Key to the success of these efforts is the Soul of the City concert, which takes place this Saturday evening at the Gem Theater. The marquee attractions include vocalist Lisa Henry, organist Everette DeVan, trumpeter Rusty Tucker, The Blue Devils Big Band with Jim Mair, and Chico Battaglia.

The event started four years ago as a fundraiser for the Kansas City Church Organization (CCO), a consortium of fellowships from around the city that have bound together to identify solutions for the problems that plague Kansas Citians.

For more than a decade prior to the establishment of Soul of the City, the group operated under a community organization model that was developed in California. First, members of individual churches venture into their communities and ask people about their concerns. Then they research the causes and solutions. Ultimately, they hold massive community "actions" in which hundreds, sometimes thousands of residents gather before elected officials to elicit their commitments to solve the problems.

In the late '80s, CCO members called for a solution to the drug epidemic. From that arose Jackson County's half-cent drug tax. In the early '90s, members addressed the lack of recreational activities for inner-city kids. Those efforts culminated in an action that drew 1,000 people to Central High School, after which city leaders expanded the Midnight Basketball program and launched a "Hot Summer Nights" program at city pools.

In the late '90s, the group sought to tackle the manifold problems in the Kansas City school district, which led to the launch of Soul of the City. "We realized schools were going to be a major challenge," recalls Warren Adams-Leavitt, CCO director. "Yet it was one we couldn't turn away from anymore."

But the members of CCO knew that if they took on problems as big as the ones affecting schools, it would detract from their work with their membership organizations. They needed more money to make ends meet.

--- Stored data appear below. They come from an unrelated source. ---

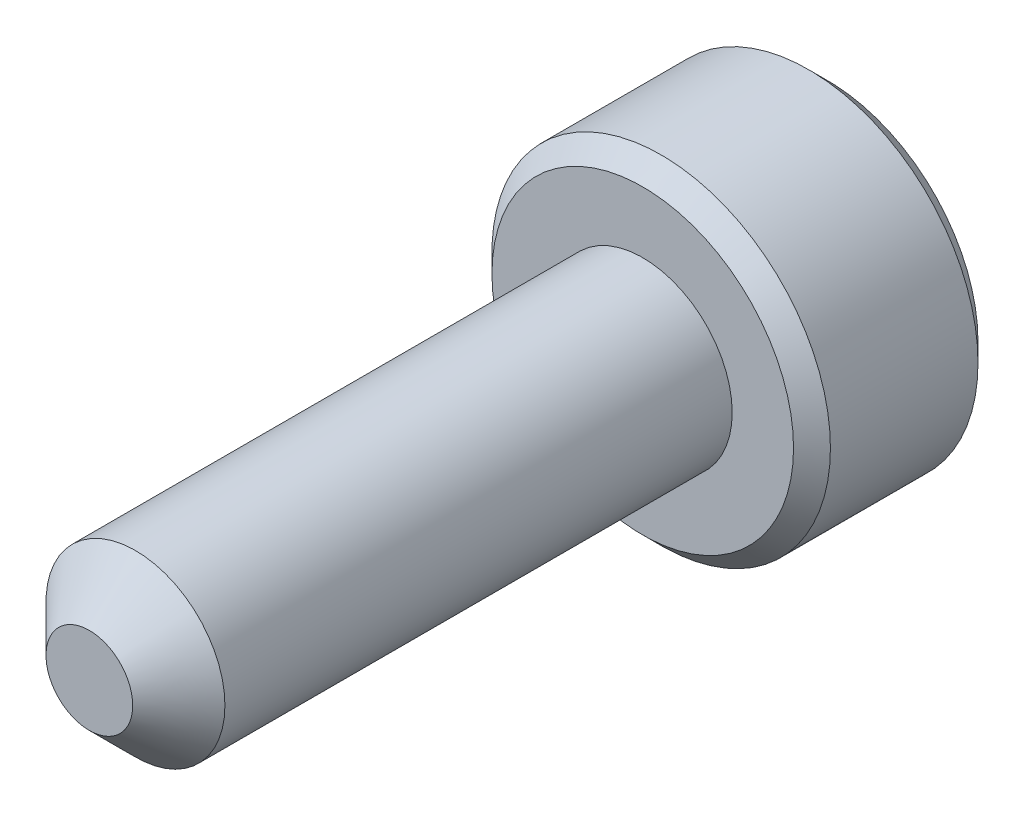
ISO-10303-21;
HEADER;
FILE_DESCRIPTION(('STEP AP214'),'2;1');
FILE_NAME('part.step','',(''),(''),'','','');
FILE_SCHEMA(('AUTOMOTIVE_DESIGN { 1 0 10303 214 1 1 1 1 }'));
ENDSEC;
DATA;
#1=APPLICATION_CONTEXT('core data for automotive mechanical design processes');
#2=APPLICATION_PROTOCOL_DEFINITION('international standard','automotive_design',2000,#1);
#3=PRODUCT_CONTEXT('',#1,'mechanical');
#4=PRODUCT('Part','Part','',(#3));
#5=PRODUCT_RELATED_PRODUCT_CATEGORY('part','',(#4));
#6=PRODUCT_DEFINITION_FORMATION('','',#4);
#7=PRODUCT_DEFINITION_CONTEXT('part definition',#1,'design');
#8=PRODUCT_DEFINITION('design','',#6,#7);
#9=PRODUCT_DEFINITION_SHAPE('','',#8);
#10=(LENGTH_UNIT() NAMED_UNIT(*) SI_UNIT(.MILLI.,.METRE.));
#11=(NAMED_UNIT(*) PLANE_ANGLE_UNIT() SI_UNIT($,.RADIAN.));
#12=(NAMED_UNIT(*) SI_UNIT($,.STERADIAN.) SOLID_ANGLE_UNIT());
#13=UNCERTAINTY_MEASURE_WITH_UNIT(LENGTH_MEASURE(1.E-05),#10,'distance_accuracy_value','');
#14=(GEOMETRIC_REPRESENTATION_CONTEXT(3) GLOBAL_UNCERTAINTY_ASSIGNED_CONTEXT((#13)) GLOBAL_UNIT_ASSIGNED_CONTEXT((#10,
#11,#12)) REPRESENTATION_CONTEXT('',''));
#15=CARTESIAN_POINT('',(0.,0.,0.));
#16=DIRECTION('',(0.,0.,1.));
#17=DIRECTION('',(1.,0.,0.));
#18=AXIS2_PLACEMENT_3D('',#15,#16,#17);
#19=CARTESIAN_POINT('',(0.,0.,2.));
#20=DIRECTION('',(0.,0.,-1.));
#21=DIRECTION('',(-1.,0.,0.));
#22=AXIS2_PLACEMENT_3D('',#19,#20,#21);
#23=CYLINDRICAL_SURFACE('',#22,1.835);
#24=CARTESIAN_POINT('',(0.,0.,1.8));
#25=DIRECTION('',(0.,0.,1.));
#26=DIRECTION('',(1.,0.,0.));
#27=AXIS2_PLACEMENT_3D('',#24,#25,#26);
#28=CIRCLE('',#27,1.835);
#29=CARTESIAN_POINT('',(1.835,0.,1.8));
#30=VERTEX_POINT('',#29);
#31=EDGE_CURVE('E55',#30,#30,#28,.F.);
#32=ORIENTED_EDGE('',*,*,#31,.T.);
#33=EDGE_LOOP('',(#32));
#34=FACE_BOUND('',#33,.T.);
#35=CARTESIAN_POINT('',(0.,0.,0.2));
#36=DIRECTION('',(0.,0.,1.));
#37=DIRECTION('',(1.,0.,0.));
#38=AXIS2_PLACEMENT_3D('',#35,#36,#37);
#39=CIRCLE('',#38,1.835);
#40=CARTESIAN_POINT('',(1.835,0.,0.2));
#41=VERTEX_POINT('',#40);
#42=EDGE_CURVE('E186',#41,#41,#39,.T.);
#43=ORIENTED_EDGE('',*,*,#42,.T.);
#44=EDGE_LOOP('',(#43));
#45=FACE_BOUND('',#44,.T.);
#46=ADVANCED_FACE('F45',(#34,#45),#23,.T.);
#47=CARTESIAN_POINT('',(0.,0.,2.));
#48=DIRECTION('',(0.,0.,1.));
#49=DIRECTION('',(1.,0.,0.));
#50=AXIS2_PLACEMENT_3D('',#47,#48,#49);
#51=PLANE('',#50);
#52=CARTESIAN_POINT('',(0.,0.,2.));
#53=DIRECTION('',(0.,0.,1.));
#54=DIRECTION('',(1.,0.,0.));
#55=AXIS2_PLACEMENT_3D('',#52,#53,#54);
#56=CIRCLE('',#55,1.635);
#57=CARTESIAN_POINT('',(1.635,0.,2.));
#58=VERTEX_POINT('',#57);
#59=EDGE_CURVE('E182',#58,#58,#56,.T.);
#60=ORIENTED_EDGE('',*,*,#59,.T.);
#61=EDGE_LOOP('',(#60));
#62=FACE_BOUND('',#61,.T.);
#63=CARTESIAN_POINT('',(0.,0.,2.));
#64=DIRECTION('',(0.,0.,1.));
#65=DIRECTION('',(1.,0.,0.));
#66=AXIS2_PLACEMENT_3D('',#63,#64,#65);
#67=CIRCLE('',#66,0.97);
#68=CARTESIAN_POINT('',(0.97,0.,2.));
#69=VERTEX_POINT('',#68);
#70=EDGE_CURVE('E161',#69,#69,#67,.T.);
#71=ORIENTED_EDGE('',*,*,#70,.F.);
#72=EDGE_LOOP('',(#71));
#73=FACE_BOUND('',#72,.T.);
#74=ADVANCED_FACE('F200',(#62,#73),#51,.T.);
#75=CARTESIAN_POINT('',(0.,0.,0.));
#76=DIRECTION('',(0.,0.,1.));
#77=DIRECTION('',(1.,0.,0.));
#78=AXIS2_PLACEMENT_3D('',#75,#76,#77);
#79=PLANE('',#78);
#80=CARTESIAN_POINT('',(0.,0.,0.));
#81=DIRECTION('',(0.,0.,1.));
#82=DIRECTION('',(1.,0.,0.));
#83=AXIS2_PLACEMENT_3D('',#80,#81,#82);
#84=CIRCLE('',#83,1.635);
#85=CARTESIAN_POINT('',(1.635,0.,0.));
#86=VERTEX_POINT('',#85);
#87=EDGE_CURVE('E11',#86,#86,#84,.F.);
#88=ORIENTED_EDGE('',*,*,#87,.T.);
#89=EDGE_LOOP('',(#88));
#90=FACE_BOUND('',#89,.T.);
#91=DIRECTION('',(0.500000000000001,0.866025403784438,0.));
#92=VECTOR('',#91,1.);
#93=CARTESIAN_POINT('',(-1.14525122507638,0.,0.));
#94=LINE('',#93,#92);
#95=CARTESIAN_POINT('',(-1.14525122507638,0.,0.));
#96=VERTEX_POINT('',#95);
#97=CARTESIAN_POINT('',(-0.572625612538188,0.991816654631397,0.));
#98=VERTEX_POINT('',#97);
#99=EDGE_CURVE('E142',#96,#98,#94,.T.);
#100=ORIENTED_EDGE('',*,*,#99,.F.);
#101=DIRECTION('',(-0.499999999999995,0.866025403784441,0.));
#102=VECTOR('',#101,1.);
#103=CARTESIAN_POINT('',(-0.572625612538202,-0.991816654631389,0.));
#104=LINE('',#103,#102);
#105=CARTESIAN_POINT('',(-0.572625612538202,-0.991816654631389,0.));
#106=VERTEX_POINT('',#105);
#107=EDGE_CURVE('E62',#106,#96,#104,.T.);
#108=ORIENTED_EDGE('',*,*,#107,.F.);
#109=DIRECTION('',(-1.,0.,0.));
#110=VECTOR('',#109,1.);
#111=CARTESIAN_POINT('',(0.572625612538181,-0.991816654631401,0.));
#112=LINE('',#111,#110);
#113=CARTESIAN_POINT('',(0.572625612538181,-0.991816654631401,0.));
#114=VERTEX_POINT('',#113);
#115=EDGE_CURVE('E155',#114,#106,#112,.T.);
#116=ORIENTED_EDGE('',*,*,#115,.F.);
#117=DIRECTION('',(-0.500000000000007,-0.866025403784435,0.));
#118=VECTOR('',#117,1.);
#119=CARTESIAN_POINT('',(1.14525122507638,0.,0.));
#120=LINE('',#119,#118);
#121=CARTESIAN_POINT('',(1.14525122507638,0.,0.));
#122=VERTEX_POINT('',#121);
#123=EDGE_CURVE('E152',#122,#114,#120,.T.);
#124=ORIENTED_EDGE('',*,*,#123,.F.);
#125=DIRECTION('',(0.499999999999995,-0.866025403784442,0.));
#126=VECTOR('',#125,1.);
#127=CARTESIAN_POINT('',(0.572625612538195,0.991816654631393,0.));
#128=LINE('',#127,#126);
#129=CARTESIAN_POINT('',(0.572625612538195,0.991816654631393,0.));
#130=VERTEX_POINT('',#129);
#131=EDGE_CURVE('E110',#130,#122,#128,.T.);
#132=ORIENTED_EDGE('',*,*,#131,.F.);
#133=DIRECTION('',(1.,0.,0.));
#134=VECTOR('',#133,1.);
#135=CARTESIAN_POINT('',(-0.572625612538188,0.991816654631397,0.));
#136=LINE('',#135,#134);
#137=EDGE_CURVE('E146',#98,#130,#136,.T.);
#138=ORIENTED_EDGE('',*,*,#137,.F.);
#139=EDGE_LOOP('',(#100,#108,#116,#124,#132,#138));
#140=FACE_BOUND('',#139,.T.);
#141=ADVANCED_FACE('F203',(#90,#140),#79,.F.);
#142=CARTESIAN_POINT('',(0.,0.,8.));
#143=DIRECTION('',(0.,0.,-1.));
#144=DIRECTION('',(-1.,0.,0.));
#145=AXIS2_PLACEMENT_3D('',#142,#143,#144);
#146=CYLINDRICAL_SURFACE('',#145,0.97);
#147=CARTESIAN_POINT('',(0.,0.,7.5));
#148=DIRECTION('',(0.,0.,1.));
#149=DIRECTION('',(1.,0.,0.));
#150=AXIS2_PLACEMENT_3D('',#147,#148,#149);
#151=CIRCLE('',#150,0.97);
#152=CARTESIAN_POINT('',(0.97,0.,7.5));
#153=VERTEX_POINT('',#152);
#154=EDGE_CURVE('E178',#153,#153,#151,.F.);
#155=ORIENTED_EDGE('',*,*,#154,.T.);
#156=EDGE_LOOP('',(#155));
#157=FACE_BOUND('',#156,.T.);
#158=ORIENTED_EDGE('',*,*,#70,.T.);
#159=EDGE_LOOP('',(#158));
#160=FACE_BOUND('',#159,.T.);
#161=ADVANCED_FACE('F207',(#157,#160),#146,.T.);
#162=CARTESIAN_POINT('',(0.,0.,8.));
#163=DIRECTION('',(0.,0.,1.));
#164=DIRECTION('',(1.,0.,0.));
#165=AXIS2_PLACEMENT_3D('',#162,#163,#164);
#166=PLANE('',#165);
#167=CARTESIAN_POINT('',(0.,0.,8.));
#168=DIRECTION('',(0.,0.,1.));
#169=DIRECTION('',(1.,0.,0.));
#170=AXIS2_PLACEMENT_3D('',#167,#168,#169);
#171=CIRCLE('',#170,0.469999999999999);
#172=CARTESIAN_POINT('',(0.469999999999999,0.,8.));
#173=VERTEX_POINT('',#172);
#174=EDGE_CURVE('E174',#173,#173,#171,.T.);
#175=ORIENTED_EDGE('',*,*,#174,.T.);
#176=EDGE_LOOP('',(#175));
#177=FACE_BOUND('',#176,.T.);
#178=ADVANCED_FACE('F209',(#177),#166,.T.);
#179=CARTESIAN_POINT('',(0.,0.,8.));
#180=DIRECTION('',(0.,0.,-1.));
#181=DIRECTION('',(-1.,0.,0.));
#182=AXIS2_PLACEMENT_3D('',#179,#180,#181);
#183=CONICAL_SURFACE('',#182,0.469999999999999,0.785398163397446);
#184=ORIENTED_EDGE('',*,*,#154,.F.);
#185=EDGE_LOOP('',(#184));
#186=FACE_BOUND('',#185,.T.);
#187=ORIENTED_EDGE('',*,*,#174,.F.);
#188=EDGE_LOOP('',(#187));
#189=FACE_BOUND('',#188,.T.);
#190=ADVANCED_FACE('F216',(#186,#189),#183,.T.);
#191=CARTESIAN_POINT('',(-0.572625612538202,-0.991816654631389,1.));
#192=DIRECTION('',(-0.866025403784441,-0.499999999999995,0.));
#193=DIRECTION('',(0.499999999999995,-0.866025403784442,0.));
#194=AXIS2_PLACEMENT_3D('',#191,#192,#193);
#195=PLANE('',#194);
#196=ORIENTED_EDGE('',*,*,#107,.T.);
#197=DIRECTION('',(0.,0.,-1.));
#198=VECTOR('',#197,1.);
#199=CARTESIAN_POINT('',(-1.14525122507638,0.,1.));
#200=LINE('',#199,#198);
#201=CARTESIAN_POINT('',(-1.14525122507638,0.,1.));
#202=VERTEX_POINT('',#201);
#203=EDGE_CURVE('E92',#202,#96,#200,.T.);
#204=ORIENTED_EDGE('',*,*,#203,.F.);
#205=DIRECTION('',(-0.499999999999995,0.866025403784441,0.));
#206=VECTOR('',#205,1.);
#207=CARTESIAN_POINT('',(-0.572625612538202,-0.991816654631389,1.));
#208=LINE('',#207,#206);
#209=CARTESIAN_POINT('',(-0.572625612538202,-0.991816654631389,1.));
#210=VERTEX_POINT('',#209);
#211=EDGE_CURVE('E158',#210,#202,#208,.T.);
#212=ORIENTED_EDGE('',*,*,#211,.F.);
#213=DIRECTION('',(0.,0.,-1.));
#214=VECTOR('',#213,1.);
#215=CARTESIAN_POINT('',(-0.572625612538202,-0.991816654631389,1.));
#216=LINE('',#215,#214);
#217=EDGE_CURVE('E70',#210,#106,#216,.T.);
#218=ORIENTED_EDGE('',*,*,#217,.T.);
#219=EDGE_LOOP('',(#196,#204,#212,#218));
#220=FACE_BOUND('',#219,.T.);
#221=ADVANCED_FACE('F231',(#220),#195,.F.);
#222=CARTESIAN_POINT('',(0.572625612538181,-0.991816654631401,1.));
#223=DIRECTION('',(0.,-1.,0.));
#224=DIRECTION('',(1.,0.,0.));
#225=AXIS2_PLACEMENT_3D('',#222,#223,#224);
#226=PLANE('',#225);
#227=ORIENTED_EDGE('',*,*,#115,.T.);
#228=ORIENTED_EDGE('',*,*,#217,.F.);
#229=DIRECTION('',(-1.,0.,0.));
#230=VECTOR('',#229,1.);
#231=CARTESIAN_POINT('',(0.572625612538181,-0.991816654631401,1.));
#232=LINE('',#231,#230);
#233=CARTESIAN_POINT('',(0.572625612538181,-0.991816654631401,1.));
#234=VERTEX_POINT('',#233);
#235=EDGE_CURVE('E124',#234,#210,#232,.T.);
#236=ORIENTED_EDGE('',*,*,#235,.F.);
#237=DIRECTION('',(0.,0.,-1.));
#238=VECTOR('',#237,1.);
#239=CARTESIAN_POINT('',(0.572625612538181,-0.991816654631401,1.));
#240=LINE('',#239,#238);
#241=EDGE_CURVE('E115',#234,#114,#240,.T.);
#242=ORIENTED_EDGE('',*,*,#241,.T.);
#243=EDGE_LOOP('',(#227,#228,#236,#242));
#244=FACE_BOUND('',#243,.T.);
#245=ADVANCED_FACE('F240',(#244),#226,.F.);
#246=CARTESIAN_POINT('',(1.14525122507638,0.,1.));
#247=DIRECTION('',(0.866025403784435,-0.500000000000007,0.));
#248=DIRECTION('',(0.500000000000007,0.866025403784435,0.));
#249=AXIS2_PLACEMENT_3D('',#246,#247,#248);
#250=PLANE('',#249);
#251=ORIENTED_EDGE('',*,*,#123,.T.);
#252=ORIENTED_EDGE('',*,*,#241,.F.);
#253=DIRECTION('',(-0.500000000000007,-0.866025403784435,0.));
#254=VECTOR('',#253,1.);
#255=CARTESIAN_POINT('',(1.14525122507638,0.,1.));
#256=LINE('',#255,#254);
#257=CARTESIAN_POINT('',(1.14525122507638,0.,1.));
#258=VERTEX_POINT('',#257);
#259=EDGE_CURVE('E119',#258,#234,#256,.T.);
#260=ORIENTED_EDGE('',*,*,#259,.F.);
#261=DIRECTION('',(0.,0.,-1.));
#262=VECTOR('',#261,1.);
#263=CARTESIAN_POINT('',(1.14525122507638,0.,1.));
#264=LINE('',#263,#262);
#265=EDGE_CURVE('E103',#258,#122,#264,.T.);
#266=ORIENTED_EDGE('',*,*,#265,.T.);
#267=EDGE_LOOP('',(#251,#252,#260,#266));
#268=FACE_BOUND('',#267,.T.);
#269=ADVANCED_FACE('F120',(#268),#250,.F.);
#270=CARTESIAN_POINT('',(0.572625612538195,0.991816654631393,1.));
#271=DIRECTION('',(0.866025403784442,0.499999999999995,0.));
#272=DIRECTION('',(-0.499999999999995,0.866025403784442,0.));
#273=AXIS2_PLACEMENT_3D('',#270,#271,#272);
#274=PLANE('',#273);
#275=ORIENTED_EDGE('',*,*,#131,.T.);
#276=ORIENTED_EDGE('',*,*,#265,.F.);
#277=DIRECTION('',(0.499999999999995,-0.866025403784442,0.));
#278=VECTOR('',#277,1.);
#279=CARTESIAN_POINT('',(0.572625612538195,0.991816654631393,1.));
#280=LINE('',#279,#278);
#281=CARTESIAN_POINT('',(0.572625612538195,0.991816654631393,1.));
#282=VERTEX_POINT('',#281);
#283=EDGE_CURVE('E107',#282,#258,#280,.T.);
#284=ORIENTED_EDGE('',*,*,#283,.F.);
#285=DIRECTION('',(0.,0.,-1.));
#286=VECTOR('',#285,1.);
#287=CARTESIAN_POINT('',(0.572625612538195,0.991816654631393,1.));
#288=LINE('',#287,#286);
#289=EDGE_CURVE('E116',#282,#130,#288,.T.);
#290=ORIENTED_EDGE('',*,*,#289,.T.);
#291=EDGE_LOOP('',(#275,#276,#284,#290));
#292=FACE_BOUND('',#291,.T.);
#293=ADVANCED_FACE('F105',(#292),#274,.F.);
#294=CARTESIAN_POINT('',(-0.572625612538188,0.991816654631397,1.));
#295=DIRECTION('',(0.,1.,0.));
#296=DIRECTION('',(-1.,0.,0.));
#297=AXIS2_PLACEMENT_3D('',#294,#295,#296);
#298=PLANE('',#297);
#299=ORIENTED_EDGE('',*,*,#137,.T.);
#300=ORIENTED_EDGE('',*,*,#289,.F.);
#301=DIRECTION('',(1.,0.,0.));
#302=VECTOR('',#301,1.);
#303=CARTESIAN_POINT('',(-0.572625612538188,0.991816654631397,1.));
#304=LINE('',#303,#302);
#305=CARTESIAN_POINT('',(-0.572625612538188,0.991816654631397,1.));
#306=VERTEX_POINT('',#305);
#307=EDGE_CURVE('E130',#306,#282,#304,.T.);
#308=ORIENTED_EDGE('',*,*,#307,.F.);
#309=DIRECTION('',(0.,0.,-1.));
#310=VECTOR('',#309,1.);
#311=CARTESIAN_POINT('',(-0.572625612538188,0.991816654631397,1.));
#312=LINE('',#311,#310);
#313=EDGE_CURVE('E166',#306,#98,#312,.T.);
#314=ORIENTED_EDGE('',*,*,#313,.T.);
#315=EDGE_LOOP('',(#299,#300,#308,#314));
#316=FACE_BOUND('',#315,.T.);
#317=ADVANCED_FACE('F253',(#316),#298,.F.);
#318=CARTESIAN_POINT('',(-1.14525122507638,0.,1.));
#319=DIRECTION('',(-0.866025403784438,0.500000000000001,0.));
#320=DIRECTION('',(-0.500000000000001,-0.866025403784438,0.));
#321=AXIS2_PLACEMENT_3D('',#318,#319,#320);
#322=PLANE('',#321);
#323=ORIENTED_EDGE('',*,*,#99,.T.);
#324=ORIENTED_EDGE('',*,*,#313,.F.);
#325=DIRECTION('',(0.500000000000001,0.866025403784438,0.));
#326=VECTOR('',#325,1.);
#327=CARTESIAN_POINT('',(-1.14525122507638,0.,1.));
#328=LINE('',#327,#326);
#329=EDGE_CURVE('E134',#202,#306,#328,.T.);
#330=ORIENTED_EDGE('',*,*,#329,.F.);
#331=ORIENTED_EDGE('',*,*,#203,.T.);
#332=EDGE_LOOP('',(#323,#324,#330,#331));
#333=FACE_BOUND('',#332,.T.);
#334=ADVANCED_FACE('F250',(#333),#322,.F.);
#335=CARTESIAN_POINT('',(0.,0.,1.));
#336=DIRECTION('',(0.,0.,-1.));
#337=DIRECTION('',(-1.,0.,0.));
#338=AXIS2_PLACEMENT_3D('',#335,#336,#337);
#339=PLANE('',#338);
#340=ORIENTED_EDGE('',*,*,#211,.T.);
#341=ORIENTED_EDGE('',*,*,#329,.T.);
#342=ORIENTED_EDGE('',*,*,#307,.T.);
#343=ORIENTED_EDGE('',*,*,#283,.T.);
#344=ORIENTED_EDGE('',*,*,#259,.T.);
#345=ORIENTED_EDGE('',*,*,#235,.T.);
#346=EDGE_LOOP('',(#340,#341,#342,#343,#344,#345));
#347=FACE_BOUND('',#346,.T.);
#348=ADVANCED_FACE('F127',(#347),#339,.T.);
#349=CARTESIAN_POINT('',(0.,0.,2.));
#350=DIRECTION('',(0.,0.,-1.));
#351=DIRECTION('',(-1.,0.,0.));
#352=AXIS2_PLACEMENT_3D('',#349,#350,#351);
#353=CONICAL_SURFACE('',#352,1.635,0.785398163397442);
#354=ORIENTED_EDGE('',*,*,#31,.F.);
#355=EDGE_LOOP('',(#354));
#356=FACE_BOUND('',#355,.T.);
#357=ORIENTED_EDGE('',*,*,#59,.F.);
#358=EDGE_LOOP('',(#357));
#359=FACE_BOUND('',#358,.T.);
#360=ADVANCED_FACE('F195',(#356,#359),#353,.T.);
#361=CARTESIAN_POINT('',(0.,0.,0.2));
#362=DIRECTION('',(0.,0.,1.));
#363=DIRECTION('',(1.,0.,0.));
#364=AXIS2_PLACEMENT_3D('',#361,#362,#363);
#365=CONICAL_SURFACE('',#364,1.835,0.785398163397451);
#366=ORIENTED_EDGE('',*,*,#87,.F.);
#367=EDGE_LOOP('',(#366));
#368=FACE_BOUND('',#367,.T.);
#369=ORIENTED_EDGE('',*,*,#42,.F.);
#370=EDGE_LOOP('',(#369));
#371=FACE_BOUND('',#370,.T.);
#372=ADVANCED_FACE('F48',(#368,#371),#365,.T.);
#373=CLOSED_SHELL('',(#46,#74,#141,#161,#178,#190,#221,#245,#269,#293,#317,#334,#348,#360,#372));
#374=MANIFOLD_SOLID_BREP('B2',#373);
#375=ADVANCED_BREP_SHAPE_REPRESENTATION('',(#18,#374),#14);
#376=SHAPE_DEFINITION_REPRESENTATION(#9,#375);
ENDSEC;
END-ISO-10303-21;

So Soul of the City was launched as a fundraiser. After its successful first year, CCO was able to expand upon its partnership with the Local Investment Commission to do community building around schools. One of its earliest post-concert successes was the organizations' combined effort to help Ladd Elementary force out of business several drug houses that were operating around the school. After that came the launch of the Home Visit program, which allows teachers to make connections with their students' families prior to the start of the school year.

But Soul of the City has become more than a source of funds. "The event has helped us connect with parts of Kansas City we hadn't worked with before," says Adams-Leavitt. The concert -- and in particular the pre-party -- has afforded the opportunity for grassroots organizers to rub shoulders and share ideas with some of the city's biggest movers and shakers. "We've got everybody from the poorest people in our churches to former CEOs of some of Kansas City's philanthropic institutions," says Adams-Leavitt.

CCO chose jazz because it promotes diversity, Adams-Leavitt says. "It's music that both black people and white people listen to," he explains. But on a deeper level, jazz shares something in common with community organizing. "Constant experimentation," he says. "That's what we need to do in our communities."